Full implementation will allow biological males who identify as female to share private facilities of women, which the EO specifically lists: “restrooms, locker rooms, and sports teams.”

Last year, the Supreme Court issued the controversial Bostock v. Clayton County decision, which mandated non-discrimination in employment based on gender identity.

In January, the Trump Department of Justice (DoJ) issued a 22-page memorandum explaining why the Bostock ruling did not apply to government policies such as education, housing, or constitutional rights of religious liberty.  Last July, CMR published an article analyzing reasons why the Bostock decision did not apply to the military:

Within hours of the Biden Inauguration, however, incoming DoJ attorneys revoked the Trump Justice Department memo and completely erased it from the Justice Department website and even the DoJ archives.

This immediate “memory-holing” of the Trump Justice Department Memo setting forth limits in the Bostock decision suggests that the administration will not tolerate any limits at all.  Any exceptions, including conscience clauses allowing for religious convictions that conflict with transgender ideology will not be permitted, regardless of the consequences.

B.  How Extreme Will the Purge of Extremism Be?

Another January 20 executive order revoked a Trump Administration directive ending divisive, racially charged critical race theory (CRT) instruction programs in all government agencies.  This means that Defense Department schools at all levels, from the military service academies to elementary schools for dependent children, likely will introduce abrasive CRT programs that accuse non-minorities of “white supremacy” and “systemic racism.”
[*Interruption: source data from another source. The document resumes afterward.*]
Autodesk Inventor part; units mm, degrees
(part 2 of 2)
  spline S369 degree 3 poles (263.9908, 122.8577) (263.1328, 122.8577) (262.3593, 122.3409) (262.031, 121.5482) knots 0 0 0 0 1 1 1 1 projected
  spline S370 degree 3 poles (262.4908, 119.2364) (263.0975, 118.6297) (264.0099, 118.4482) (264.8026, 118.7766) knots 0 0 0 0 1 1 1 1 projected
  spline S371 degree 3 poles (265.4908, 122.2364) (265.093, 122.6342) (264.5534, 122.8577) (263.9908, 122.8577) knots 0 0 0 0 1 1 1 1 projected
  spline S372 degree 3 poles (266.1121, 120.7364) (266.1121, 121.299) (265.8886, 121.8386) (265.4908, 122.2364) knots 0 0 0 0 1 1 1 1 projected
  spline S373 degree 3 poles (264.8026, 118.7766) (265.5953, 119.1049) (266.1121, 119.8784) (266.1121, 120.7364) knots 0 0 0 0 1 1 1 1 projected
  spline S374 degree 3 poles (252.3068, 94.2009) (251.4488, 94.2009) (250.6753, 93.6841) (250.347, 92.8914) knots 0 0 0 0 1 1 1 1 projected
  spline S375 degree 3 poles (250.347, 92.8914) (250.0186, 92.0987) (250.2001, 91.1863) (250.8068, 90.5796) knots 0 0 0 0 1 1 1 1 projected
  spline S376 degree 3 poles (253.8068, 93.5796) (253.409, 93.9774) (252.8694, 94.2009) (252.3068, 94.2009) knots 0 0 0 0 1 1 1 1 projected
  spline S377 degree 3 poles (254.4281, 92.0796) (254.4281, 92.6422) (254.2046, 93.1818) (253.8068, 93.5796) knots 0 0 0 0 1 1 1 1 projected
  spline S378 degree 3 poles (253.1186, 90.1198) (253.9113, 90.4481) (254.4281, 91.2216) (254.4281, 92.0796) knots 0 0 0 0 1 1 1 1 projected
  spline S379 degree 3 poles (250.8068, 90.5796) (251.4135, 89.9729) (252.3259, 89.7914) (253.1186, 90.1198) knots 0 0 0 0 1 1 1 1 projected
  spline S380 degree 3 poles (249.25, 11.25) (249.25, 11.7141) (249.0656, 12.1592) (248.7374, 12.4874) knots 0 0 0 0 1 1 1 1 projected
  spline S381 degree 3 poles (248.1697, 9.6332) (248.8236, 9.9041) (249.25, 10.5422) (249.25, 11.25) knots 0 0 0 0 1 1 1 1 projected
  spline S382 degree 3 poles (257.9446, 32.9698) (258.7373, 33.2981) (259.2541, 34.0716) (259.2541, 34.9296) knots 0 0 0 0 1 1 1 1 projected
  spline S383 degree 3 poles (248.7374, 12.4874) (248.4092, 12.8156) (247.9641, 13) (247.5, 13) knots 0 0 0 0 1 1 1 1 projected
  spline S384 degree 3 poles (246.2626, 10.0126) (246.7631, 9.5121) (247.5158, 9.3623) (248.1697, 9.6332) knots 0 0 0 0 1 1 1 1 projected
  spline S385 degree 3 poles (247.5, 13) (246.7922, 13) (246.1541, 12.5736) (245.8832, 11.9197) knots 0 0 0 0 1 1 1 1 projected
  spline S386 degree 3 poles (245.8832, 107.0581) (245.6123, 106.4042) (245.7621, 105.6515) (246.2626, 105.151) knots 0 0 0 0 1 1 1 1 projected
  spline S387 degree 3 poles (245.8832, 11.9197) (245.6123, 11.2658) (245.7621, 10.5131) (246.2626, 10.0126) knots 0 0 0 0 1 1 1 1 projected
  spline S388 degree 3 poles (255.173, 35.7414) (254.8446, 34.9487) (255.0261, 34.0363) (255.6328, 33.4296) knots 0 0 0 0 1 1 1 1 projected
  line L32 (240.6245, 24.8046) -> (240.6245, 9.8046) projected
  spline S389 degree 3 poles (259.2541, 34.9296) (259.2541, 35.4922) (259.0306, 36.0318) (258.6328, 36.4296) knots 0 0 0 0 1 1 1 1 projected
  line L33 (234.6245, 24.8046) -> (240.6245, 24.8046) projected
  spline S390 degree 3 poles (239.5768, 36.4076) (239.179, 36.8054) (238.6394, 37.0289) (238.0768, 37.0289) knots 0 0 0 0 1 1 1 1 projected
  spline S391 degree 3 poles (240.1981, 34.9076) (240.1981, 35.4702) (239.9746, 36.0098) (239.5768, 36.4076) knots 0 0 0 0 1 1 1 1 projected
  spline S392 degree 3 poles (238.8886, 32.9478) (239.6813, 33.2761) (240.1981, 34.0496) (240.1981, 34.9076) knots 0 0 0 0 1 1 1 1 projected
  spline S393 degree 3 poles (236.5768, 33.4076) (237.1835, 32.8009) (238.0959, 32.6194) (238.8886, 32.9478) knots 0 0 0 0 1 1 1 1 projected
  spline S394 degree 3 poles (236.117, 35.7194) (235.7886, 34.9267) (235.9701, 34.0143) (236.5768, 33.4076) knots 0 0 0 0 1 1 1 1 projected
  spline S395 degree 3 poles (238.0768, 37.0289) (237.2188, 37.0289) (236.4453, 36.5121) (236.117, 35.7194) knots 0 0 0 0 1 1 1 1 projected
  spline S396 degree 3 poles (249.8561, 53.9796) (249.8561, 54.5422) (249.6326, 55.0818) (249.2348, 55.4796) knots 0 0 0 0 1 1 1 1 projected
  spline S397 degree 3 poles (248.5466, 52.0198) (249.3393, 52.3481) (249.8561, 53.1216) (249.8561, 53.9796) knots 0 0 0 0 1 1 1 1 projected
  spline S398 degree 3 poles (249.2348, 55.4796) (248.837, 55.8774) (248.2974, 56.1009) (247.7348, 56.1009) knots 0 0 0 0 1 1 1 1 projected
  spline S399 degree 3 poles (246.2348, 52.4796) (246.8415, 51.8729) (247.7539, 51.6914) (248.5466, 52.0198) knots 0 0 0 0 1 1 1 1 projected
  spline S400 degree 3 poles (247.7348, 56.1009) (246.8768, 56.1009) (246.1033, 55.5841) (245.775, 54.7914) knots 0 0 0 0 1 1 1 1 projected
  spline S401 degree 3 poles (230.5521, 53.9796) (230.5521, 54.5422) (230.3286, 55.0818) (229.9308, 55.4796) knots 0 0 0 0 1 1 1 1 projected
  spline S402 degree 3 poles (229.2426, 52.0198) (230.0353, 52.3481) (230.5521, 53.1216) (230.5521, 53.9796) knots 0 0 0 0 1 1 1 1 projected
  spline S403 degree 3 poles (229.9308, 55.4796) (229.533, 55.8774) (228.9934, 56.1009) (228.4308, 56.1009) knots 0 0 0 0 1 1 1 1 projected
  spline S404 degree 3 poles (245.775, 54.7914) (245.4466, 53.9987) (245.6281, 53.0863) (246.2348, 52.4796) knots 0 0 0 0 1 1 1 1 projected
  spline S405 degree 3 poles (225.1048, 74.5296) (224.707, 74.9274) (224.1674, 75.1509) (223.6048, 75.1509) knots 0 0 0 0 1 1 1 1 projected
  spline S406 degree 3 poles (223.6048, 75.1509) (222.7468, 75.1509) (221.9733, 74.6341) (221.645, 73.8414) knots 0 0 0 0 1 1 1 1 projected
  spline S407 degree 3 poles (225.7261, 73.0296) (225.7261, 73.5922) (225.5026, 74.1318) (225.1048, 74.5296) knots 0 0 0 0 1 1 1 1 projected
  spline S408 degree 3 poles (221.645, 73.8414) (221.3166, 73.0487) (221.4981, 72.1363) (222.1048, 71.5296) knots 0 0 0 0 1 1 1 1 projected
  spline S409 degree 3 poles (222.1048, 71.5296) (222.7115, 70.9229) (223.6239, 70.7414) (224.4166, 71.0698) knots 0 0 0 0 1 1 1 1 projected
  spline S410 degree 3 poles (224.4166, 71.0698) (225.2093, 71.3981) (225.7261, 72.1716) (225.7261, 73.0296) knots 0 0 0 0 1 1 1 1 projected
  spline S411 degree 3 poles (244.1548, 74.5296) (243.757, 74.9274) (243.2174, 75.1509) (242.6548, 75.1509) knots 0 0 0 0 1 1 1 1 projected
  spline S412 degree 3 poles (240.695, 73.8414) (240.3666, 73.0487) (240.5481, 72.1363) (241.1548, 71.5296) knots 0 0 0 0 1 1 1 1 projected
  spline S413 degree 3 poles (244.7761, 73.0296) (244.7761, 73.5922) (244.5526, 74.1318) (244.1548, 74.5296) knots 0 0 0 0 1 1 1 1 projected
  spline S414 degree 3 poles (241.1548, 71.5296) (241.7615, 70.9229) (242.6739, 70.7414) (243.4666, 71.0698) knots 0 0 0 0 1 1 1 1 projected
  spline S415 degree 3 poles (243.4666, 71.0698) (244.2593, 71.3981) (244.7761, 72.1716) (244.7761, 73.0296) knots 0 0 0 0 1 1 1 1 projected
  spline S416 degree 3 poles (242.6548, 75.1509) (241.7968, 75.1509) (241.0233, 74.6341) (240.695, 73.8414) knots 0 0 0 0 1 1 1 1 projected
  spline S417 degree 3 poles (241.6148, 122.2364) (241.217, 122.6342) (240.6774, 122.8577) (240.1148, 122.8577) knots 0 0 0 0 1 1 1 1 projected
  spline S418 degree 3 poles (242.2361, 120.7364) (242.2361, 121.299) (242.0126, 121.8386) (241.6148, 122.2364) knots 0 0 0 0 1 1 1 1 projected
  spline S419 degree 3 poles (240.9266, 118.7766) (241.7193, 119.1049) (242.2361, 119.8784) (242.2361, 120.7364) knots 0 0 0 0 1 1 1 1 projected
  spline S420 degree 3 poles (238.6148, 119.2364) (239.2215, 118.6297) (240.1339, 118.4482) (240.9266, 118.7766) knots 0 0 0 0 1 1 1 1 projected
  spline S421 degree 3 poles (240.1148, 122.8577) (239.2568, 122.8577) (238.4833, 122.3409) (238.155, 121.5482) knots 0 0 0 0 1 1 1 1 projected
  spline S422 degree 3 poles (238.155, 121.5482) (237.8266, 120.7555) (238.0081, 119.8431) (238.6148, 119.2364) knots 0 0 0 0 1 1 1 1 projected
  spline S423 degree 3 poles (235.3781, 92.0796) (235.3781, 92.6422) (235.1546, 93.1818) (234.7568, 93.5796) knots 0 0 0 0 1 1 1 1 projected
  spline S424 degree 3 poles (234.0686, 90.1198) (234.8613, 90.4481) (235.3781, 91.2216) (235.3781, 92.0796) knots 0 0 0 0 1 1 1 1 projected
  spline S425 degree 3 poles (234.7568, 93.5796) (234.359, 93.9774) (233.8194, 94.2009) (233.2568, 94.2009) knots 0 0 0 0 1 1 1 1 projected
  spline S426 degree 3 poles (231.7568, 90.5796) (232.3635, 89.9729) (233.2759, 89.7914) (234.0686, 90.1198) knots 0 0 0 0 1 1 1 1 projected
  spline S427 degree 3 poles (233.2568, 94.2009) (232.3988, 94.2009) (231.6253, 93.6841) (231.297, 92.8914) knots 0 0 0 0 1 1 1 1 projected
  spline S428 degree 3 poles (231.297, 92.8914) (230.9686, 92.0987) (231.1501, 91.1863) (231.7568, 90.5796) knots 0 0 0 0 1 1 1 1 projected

This Executive Order also abolished President Trump’s Advisory 1776 Commission, chaired by Hillsdale College President Dr. Larry P. Arnn.  The 1776 Commission’s scholarly report presented an even-handed view of American history.  It also challenged major errors and “woke” critical race theory claims embodied in the New York Times’ slavery-centric “1619 Project.”

This background is important as the Department of Defense and all branches of the service prepare to follow the mandate of Defense Secretary Lloyd J. Austin III to conduct single-day operational “stand downs” to contemplate and confront extremism in the ranks:

DoD regulations already prohibit extremist activities, but this effort seems driven by claims that since some veterans were involved with violent actions at the U.S. Capitol on January 6, 2021, the entire military is responsible.

The article above mentions several examples of anti-military prejudice and stresses the importance of even-handed perspective in identifying signs of extremist behavior on both ends of the political spectrum.  Tragedies have occurred when officials ignored signs that were easily visible in military personnel like Nidal Hasan, the Fort Hood shooter, for politically correct reasons.

The article also draws attention to the newly released Task Force One Navy (TF1N) report, which includes a 5-point “Pledge” that makes sailors and Marines promise to fight things like racism and “ableism.”  The Pledge uses “woke” vocabulary words like “intersectionality” and “disparate impact.”  These concepts and mandates inevitably lead to percentage-based “diversity metrics,” another name for “quotas.”

In CMR’s view, the Defense Department should reinforce classic principles of non-discrimination and recognition of individual merit, without promoting leftist extremism in pursuit of extremists.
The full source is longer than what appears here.